== Data for this task

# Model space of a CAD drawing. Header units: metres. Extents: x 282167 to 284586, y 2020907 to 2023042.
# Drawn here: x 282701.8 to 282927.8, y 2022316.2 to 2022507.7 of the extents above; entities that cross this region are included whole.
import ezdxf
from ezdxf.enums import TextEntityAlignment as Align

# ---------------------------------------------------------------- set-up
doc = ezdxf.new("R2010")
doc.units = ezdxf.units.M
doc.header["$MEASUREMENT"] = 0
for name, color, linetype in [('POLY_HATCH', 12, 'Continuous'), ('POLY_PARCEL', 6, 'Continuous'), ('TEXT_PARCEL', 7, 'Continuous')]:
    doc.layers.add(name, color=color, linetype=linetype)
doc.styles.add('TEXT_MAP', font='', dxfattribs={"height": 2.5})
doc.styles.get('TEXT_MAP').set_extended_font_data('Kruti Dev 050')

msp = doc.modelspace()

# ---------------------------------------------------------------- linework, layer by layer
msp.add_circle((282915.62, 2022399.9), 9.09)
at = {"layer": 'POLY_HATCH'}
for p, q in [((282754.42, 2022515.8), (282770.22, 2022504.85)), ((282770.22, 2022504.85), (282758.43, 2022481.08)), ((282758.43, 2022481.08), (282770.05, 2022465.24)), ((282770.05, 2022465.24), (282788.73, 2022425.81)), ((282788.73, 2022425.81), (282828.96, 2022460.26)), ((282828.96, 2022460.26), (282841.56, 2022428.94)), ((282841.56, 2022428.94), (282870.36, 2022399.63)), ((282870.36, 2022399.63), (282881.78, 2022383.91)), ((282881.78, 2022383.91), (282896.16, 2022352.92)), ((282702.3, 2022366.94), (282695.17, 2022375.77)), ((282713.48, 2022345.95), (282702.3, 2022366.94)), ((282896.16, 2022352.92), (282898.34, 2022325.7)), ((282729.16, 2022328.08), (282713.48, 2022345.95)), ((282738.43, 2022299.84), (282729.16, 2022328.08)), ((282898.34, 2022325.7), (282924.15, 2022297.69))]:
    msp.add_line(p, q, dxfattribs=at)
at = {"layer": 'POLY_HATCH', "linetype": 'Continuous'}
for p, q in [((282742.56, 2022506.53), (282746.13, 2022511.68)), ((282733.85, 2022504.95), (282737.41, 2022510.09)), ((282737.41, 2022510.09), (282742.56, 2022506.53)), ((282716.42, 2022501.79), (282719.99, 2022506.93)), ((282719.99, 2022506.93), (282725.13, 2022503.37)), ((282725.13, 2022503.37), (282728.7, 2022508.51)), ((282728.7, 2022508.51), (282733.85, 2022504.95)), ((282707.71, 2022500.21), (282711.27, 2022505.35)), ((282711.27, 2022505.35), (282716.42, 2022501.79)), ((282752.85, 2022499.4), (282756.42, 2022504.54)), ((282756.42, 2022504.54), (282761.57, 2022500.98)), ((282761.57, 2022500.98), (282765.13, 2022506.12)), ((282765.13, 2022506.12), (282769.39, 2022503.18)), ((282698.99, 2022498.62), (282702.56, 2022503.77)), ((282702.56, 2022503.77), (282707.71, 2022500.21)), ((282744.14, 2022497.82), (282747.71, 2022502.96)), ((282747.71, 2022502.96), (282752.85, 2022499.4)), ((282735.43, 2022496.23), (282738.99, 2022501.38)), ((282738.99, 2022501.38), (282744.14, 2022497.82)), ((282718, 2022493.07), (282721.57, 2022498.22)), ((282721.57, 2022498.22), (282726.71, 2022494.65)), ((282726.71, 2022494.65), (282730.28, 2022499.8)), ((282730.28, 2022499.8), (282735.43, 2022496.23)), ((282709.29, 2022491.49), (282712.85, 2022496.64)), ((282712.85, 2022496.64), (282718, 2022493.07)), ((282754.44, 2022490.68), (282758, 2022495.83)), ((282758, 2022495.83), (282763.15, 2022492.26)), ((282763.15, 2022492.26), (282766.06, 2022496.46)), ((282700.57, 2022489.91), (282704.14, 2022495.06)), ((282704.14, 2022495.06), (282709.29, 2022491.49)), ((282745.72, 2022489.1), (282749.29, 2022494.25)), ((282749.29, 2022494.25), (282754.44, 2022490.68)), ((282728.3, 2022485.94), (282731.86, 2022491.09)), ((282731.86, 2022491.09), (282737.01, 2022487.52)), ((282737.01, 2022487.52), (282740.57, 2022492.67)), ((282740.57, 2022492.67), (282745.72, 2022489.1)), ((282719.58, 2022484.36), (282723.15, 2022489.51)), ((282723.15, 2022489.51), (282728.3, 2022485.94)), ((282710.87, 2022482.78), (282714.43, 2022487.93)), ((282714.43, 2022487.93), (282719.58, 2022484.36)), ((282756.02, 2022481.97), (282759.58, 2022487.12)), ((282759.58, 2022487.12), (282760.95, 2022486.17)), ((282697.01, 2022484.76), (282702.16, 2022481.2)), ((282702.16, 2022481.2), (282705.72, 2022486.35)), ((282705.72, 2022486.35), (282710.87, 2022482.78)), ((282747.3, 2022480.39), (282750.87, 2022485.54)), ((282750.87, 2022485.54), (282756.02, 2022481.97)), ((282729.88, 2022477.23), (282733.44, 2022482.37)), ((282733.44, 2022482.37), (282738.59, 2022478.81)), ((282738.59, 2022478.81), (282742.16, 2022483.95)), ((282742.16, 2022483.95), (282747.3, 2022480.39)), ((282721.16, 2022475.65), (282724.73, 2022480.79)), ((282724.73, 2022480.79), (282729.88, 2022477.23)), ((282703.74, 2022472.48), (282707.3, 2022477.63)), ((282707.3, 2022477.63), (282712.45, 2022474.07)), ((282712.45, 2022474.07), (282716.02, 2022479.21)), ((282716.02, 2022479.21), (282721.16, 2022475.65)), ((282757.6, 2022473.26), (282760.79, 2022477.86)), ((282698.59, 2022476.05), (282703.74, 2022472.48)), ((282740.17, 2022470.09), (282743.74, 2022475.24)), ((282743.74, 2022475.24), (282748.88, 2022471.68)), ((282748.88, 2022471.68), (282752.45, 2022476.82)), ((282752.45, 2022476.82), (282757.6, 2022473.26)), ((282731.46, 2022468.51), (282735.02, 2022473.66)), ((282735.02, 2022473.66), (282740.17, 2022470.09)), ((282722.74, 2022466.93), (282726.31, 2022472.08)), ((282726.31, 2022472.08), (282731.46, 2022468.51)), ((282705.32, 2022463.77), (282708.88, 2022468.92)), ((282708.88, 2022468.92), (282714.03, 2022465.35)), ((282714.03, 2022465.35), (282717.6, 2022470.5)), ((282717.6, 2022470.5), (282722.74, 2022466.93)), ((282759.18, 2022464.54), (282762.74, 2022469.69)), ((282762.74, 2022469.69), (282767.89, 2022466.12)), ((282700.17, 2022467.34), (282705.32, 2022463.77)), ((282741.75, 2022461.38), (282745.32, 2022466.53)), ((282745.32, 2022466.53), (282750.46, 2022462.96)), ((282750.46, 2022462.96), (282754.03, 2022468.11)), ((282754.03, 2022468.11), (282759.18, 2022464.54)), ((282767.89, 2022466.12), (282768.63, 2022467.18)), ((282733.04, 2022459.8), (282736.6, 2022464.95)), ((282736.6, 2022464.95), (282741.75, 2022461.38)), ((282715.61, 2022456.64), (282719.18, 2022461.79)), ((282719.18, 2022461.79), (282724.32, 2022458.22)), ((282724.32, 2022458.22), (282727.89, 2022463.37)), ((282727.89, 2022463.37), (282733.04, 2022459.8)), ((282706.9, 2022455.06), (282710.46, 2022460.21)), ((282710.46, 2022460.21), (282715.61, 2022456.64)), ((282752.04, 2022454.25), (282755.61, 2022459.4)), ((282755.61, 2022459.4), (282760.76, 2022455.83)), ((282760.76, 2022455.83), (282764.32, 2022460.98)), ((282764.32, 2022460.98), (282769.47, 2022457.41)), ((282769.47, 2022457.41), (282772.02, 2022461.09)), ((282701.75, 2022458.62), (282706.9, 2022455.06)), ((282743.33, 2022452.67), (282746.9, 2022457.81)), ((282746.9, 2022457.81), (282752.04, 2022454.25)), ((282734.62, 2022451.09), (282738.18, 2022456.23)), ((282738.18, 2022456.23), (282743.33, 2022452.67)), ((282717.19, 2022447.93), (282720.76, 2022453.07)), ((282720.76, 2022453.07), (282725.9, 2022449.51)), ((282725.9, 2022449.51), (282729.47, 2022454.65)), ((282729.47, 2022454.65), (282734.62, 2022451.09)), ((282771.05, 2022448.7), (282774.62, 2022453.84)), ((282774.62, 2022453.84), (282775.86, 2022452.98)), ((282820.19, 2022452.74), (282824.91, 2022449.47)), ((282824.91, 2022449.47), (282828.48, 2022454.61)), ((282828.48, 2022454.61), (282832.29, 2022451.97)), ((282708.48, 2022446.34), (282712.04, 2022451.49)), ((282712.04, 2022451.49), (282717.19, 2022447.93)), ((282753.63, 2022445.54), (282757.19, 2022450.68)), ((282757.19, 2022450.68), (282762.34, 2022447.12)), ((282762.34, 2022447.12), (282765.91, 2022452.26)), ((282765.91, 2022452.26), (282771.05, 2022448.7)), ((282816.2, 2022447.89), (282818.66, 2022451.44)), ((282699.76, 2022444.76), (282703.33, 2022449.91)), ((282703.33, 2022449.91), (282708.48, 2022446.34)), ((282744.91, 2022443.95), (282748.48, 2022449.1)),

====

* _Prompt_
In this exercise, copy only the lines from the opening line of the material through the line where "import ezdxf" appears.

* _Answer to the exercise_
# Model space of a CAD drawing. Header units: metres. Extents: x 282167 to 284586, y 2020907 to 2023042.
# Drawn here: x 282701.8 to 282927.8, y 2022316.2 to 2022507.7 of the extents above; entities that cross this region are included whole.
import ezdxf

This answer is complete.